__Stored entries__
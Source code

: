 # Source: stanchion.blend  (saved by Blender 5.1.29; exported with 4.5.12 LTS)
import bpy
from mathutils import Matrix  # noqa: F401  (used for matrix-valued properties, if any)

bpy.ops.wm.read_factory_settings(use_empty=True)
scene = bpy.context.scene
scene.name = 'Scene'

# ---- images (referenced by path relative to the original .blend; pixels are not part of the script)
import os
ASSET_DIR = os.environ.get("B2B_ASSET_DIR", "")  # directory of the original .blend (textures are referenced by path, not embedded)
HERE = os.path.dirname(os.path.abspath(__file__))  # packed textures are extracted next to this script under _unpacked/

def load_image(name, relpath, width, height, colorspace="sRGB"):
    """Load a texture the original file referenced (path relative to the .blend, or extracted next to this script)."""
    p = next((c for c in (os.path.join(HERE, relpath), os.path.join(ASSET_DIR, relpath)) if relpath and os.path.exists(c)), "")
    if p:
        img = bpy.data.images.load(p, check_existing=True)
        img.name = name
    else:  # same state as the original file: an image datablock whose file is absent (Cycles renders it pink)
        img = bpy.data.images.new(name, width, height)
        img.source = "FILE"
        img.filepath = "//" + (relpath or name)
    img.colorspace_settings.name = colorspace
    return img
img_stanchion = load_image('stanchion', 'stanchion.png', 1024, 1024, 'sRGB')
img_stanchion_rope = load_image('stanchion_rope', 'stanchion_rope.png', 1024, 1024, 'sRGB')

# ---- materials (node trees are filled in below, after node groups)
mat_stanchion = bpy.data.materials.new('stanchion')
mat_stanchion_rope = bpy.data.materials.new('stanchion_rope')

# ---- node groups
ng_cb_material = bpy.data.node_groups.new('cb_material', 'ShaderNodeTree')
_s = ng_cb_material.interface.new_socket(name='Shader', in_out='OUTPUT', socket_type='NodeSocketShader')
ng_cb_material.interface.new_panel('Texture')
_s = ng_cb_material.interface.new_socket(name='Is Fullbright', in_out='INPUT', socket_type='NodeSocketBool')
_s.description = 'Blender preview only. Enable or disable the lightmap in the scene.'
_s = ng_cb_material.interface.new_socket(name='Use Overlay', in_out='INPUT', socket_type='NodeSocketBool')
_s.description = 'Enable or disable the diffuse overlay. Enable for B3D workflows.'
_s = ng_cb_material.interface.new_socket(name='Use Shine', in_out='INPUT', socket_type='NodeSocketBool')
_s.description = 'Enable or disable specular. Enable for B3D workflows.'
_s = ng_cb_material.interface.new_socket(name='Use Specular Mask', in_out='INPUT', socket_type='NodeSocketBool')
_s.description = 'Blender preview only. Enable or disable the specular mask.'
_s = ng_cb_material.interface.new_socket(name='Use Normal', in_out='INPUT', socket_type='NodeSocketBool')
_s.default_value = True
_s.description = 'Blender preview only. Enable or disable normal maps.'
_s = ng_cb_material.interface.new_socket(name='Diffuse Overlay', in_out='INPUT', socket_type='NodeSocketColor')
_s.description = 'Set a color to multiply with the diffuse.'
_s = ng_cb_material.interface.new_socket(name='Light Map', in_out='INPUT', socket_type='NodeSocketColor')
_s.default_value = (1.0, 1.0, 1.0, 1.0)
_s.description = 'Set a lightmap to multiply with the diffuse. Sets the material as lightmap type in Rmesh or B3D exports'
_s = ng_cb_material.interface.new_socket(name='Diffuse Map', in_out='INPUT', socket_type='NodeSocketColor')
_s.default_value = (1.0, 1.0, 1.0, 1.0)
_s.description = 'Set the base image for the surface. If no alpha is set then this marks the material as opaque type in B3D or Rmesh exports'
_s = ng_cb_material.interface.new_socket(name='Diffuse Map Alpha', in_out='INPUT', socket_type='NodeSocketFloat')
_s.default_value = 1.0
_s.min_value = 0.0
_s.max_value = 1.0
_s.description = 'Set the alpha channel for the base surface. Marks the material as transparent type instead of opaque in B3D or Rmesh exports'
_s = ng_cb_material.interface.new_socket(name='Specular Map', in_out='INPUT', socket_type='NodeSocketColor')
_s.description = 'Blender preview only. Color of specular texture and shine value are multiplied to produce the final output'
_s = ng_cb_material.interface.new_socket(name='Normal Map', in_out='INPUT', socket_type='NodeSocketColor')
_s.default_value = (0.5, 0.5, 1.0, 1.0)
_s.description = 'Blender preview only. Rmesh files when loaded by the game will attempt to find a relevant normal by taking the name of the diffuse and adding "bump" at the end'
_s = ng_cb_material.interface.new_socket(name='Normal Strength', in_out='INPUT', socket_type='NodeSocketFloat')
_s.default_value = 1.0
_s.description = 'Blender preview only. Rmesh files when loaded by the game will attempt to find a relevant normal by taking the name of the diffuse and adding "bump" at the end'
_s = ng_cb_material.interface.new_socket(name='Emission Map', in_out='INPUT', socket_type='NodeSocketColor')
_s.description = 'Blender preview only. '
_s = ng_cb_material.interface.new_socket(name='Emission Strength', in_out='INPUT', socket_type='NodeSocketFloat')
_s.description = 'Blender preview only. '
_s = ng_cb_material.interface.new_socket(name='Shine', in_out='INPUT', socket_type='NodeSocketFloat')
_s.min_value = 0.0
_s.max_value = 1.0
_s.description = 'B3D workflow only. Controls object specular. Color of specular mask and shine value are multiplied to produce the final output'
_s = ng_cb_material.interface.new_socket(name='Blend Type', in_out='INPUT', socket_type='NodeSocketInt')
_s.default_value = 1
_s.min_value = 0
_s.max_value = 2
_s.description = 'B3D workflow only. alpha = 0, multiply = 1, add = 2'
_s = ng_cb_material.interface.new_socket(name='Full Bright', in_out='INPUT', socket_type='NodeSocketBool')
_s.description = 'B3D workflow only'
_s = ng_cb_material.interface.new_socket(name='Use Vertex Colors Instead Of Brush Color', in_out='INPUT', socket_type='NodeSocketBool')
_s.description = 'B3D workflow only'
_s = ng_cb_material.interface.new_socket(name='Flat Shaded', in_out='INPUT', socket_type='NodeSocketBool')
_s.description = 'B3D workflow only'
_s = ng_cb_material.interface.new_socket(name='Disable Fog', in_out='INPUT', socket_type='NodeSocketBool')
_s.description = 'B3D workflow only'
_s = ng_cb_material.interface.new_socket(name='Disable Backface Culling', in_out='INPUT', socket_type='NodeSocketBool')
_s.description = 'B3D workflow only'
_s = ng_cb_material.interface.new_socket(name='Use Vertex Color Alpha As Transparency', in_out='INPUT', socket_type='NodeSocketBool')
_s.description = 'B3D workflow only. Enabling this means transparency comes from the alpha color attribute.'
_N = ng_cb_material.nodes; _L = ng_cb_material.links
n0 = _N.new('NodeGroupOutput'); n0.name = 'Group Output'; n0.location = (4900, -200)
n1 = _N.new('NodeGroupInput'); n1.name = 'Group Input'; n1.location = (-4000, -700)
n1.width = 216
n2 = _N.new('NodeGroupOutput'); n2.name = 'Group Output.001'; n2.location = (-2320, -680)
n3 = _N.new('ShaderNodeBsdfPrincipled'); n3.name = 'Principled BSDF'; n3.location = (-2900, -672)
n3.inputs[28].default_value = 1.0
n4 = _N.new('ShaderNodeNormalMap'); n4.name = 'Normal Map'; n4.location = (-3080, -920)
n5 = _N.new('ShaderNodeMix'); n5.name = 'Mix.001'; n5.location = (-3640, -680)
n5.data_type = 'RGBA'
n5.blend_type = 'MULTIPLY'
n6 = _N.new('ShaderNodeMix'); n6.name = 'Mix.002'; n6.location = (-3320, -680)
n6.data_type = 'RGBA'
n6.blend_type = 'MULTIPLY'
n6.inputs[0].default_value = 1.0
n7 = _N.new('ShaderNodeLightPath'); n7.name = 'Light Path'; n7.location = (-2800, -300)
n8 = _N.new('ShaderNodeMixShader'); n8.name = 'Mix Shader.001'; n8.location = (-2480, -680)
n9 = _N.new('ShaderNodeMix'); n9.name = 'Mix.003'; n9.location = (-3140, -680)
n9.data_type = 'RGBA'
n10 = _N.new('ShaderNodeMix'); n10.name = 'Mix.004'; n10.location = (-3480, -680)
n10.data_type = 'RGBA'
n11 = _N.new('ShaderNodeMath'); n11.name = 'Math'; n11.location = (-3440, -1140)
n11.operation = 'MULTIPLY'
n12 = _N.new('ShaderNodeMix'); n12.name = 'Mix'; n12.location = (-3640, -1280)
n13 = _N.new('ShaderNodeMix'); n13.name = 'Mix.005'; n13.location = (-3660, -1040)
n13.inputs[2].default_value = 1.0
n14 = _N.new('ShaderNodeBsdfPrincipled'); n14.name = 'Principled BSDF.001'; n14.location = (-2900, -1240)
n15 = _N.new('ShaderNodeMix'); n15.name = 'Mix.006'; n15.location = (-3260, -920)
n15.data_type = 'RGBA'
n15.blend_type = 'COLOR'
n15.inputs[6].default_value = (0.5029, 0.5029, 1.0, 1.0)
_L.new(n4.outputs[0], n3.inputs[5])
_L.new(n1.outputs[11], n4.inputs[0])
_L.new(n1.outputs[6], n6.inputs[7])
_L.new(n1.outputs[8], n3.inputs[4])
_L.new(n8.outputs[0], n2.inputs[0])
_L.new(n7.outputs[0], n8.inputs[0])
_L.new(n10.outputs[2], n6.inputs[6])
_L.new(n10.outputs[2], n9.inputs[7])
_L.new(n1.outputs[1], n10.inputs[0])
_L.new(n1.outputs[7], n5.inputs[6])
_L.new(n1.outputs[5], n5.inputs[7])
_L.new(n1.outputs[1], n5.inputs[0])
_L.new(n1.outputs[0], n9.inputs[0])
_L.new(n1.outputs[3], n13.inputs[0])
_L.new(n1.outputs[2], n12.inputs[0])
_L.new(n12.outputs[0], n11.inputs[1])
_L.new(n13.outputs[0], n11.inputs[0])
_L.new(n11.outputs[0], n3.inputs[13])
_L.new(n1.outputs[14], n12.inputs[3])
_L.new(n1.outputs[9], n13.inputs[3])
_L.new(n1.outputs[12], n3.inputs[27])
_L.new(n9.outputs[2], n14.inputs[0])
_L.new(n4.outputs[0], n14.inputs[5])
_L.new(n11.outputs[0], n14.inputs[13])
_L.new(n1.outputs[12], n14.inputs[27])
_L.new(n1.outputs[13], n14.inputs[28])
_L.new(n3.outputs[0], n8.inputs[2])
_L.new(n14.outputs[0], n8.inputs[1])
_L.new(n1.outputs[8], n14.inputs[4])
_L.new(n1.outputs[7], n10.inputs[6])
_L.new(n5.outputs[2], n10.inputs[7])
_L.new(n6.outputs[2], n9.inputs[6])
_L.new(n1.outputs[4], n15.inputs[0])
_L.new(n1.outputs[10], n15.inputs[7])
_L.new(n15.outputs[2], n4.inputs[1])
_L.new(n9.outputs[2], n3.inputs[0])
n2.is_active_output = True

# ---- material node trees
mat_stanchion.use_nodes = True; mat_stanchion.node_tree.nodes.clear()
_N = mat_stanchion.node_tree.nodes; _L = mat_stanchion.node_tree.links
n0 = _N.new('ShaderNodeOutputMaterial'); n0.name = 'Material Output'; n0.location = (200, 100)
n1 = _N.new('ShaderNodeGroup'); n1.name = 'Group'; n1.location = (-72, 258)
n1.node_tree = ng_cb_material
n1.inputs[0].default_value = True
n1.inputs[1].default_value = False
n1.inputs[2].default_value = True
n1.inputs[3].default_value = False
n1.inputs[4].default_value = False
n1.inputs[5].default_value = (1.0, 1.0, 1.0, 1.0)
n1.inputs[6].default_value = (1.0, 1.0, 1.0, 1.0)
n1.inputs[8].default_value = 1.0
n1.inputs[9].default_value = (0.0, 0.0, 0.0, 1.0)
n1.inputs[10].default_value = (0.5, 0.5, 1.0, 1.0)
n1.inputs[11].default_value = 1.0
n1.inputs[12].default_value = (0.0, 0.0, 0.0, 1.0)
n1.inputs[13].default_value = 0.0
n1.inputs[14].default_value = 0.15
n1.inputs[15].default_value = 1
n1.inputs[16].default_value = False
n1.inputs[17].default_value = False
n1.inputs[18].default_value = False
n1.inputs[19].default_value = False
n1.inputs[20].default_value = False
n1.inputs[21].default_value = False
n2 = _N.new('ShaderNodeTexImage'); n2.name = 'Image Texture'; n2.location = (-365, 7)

__Your assignment__
Return all lines of the data in which the string "Enable" appears.

__Reply__
_s.description = 'Blender preview only. Enable or disable the lightmap in the scene.'
_s.description = 'Enable or disable the diffuse overlay. Enable for B3D workflows.'
_s.description = 'Enable or disable specular. Enable for B3D workflows.'
_s.description = 'Blender preview only. Enable or disable the specular mask.'
_s.description = 'Blender preview only. Enable or disable normal maps.'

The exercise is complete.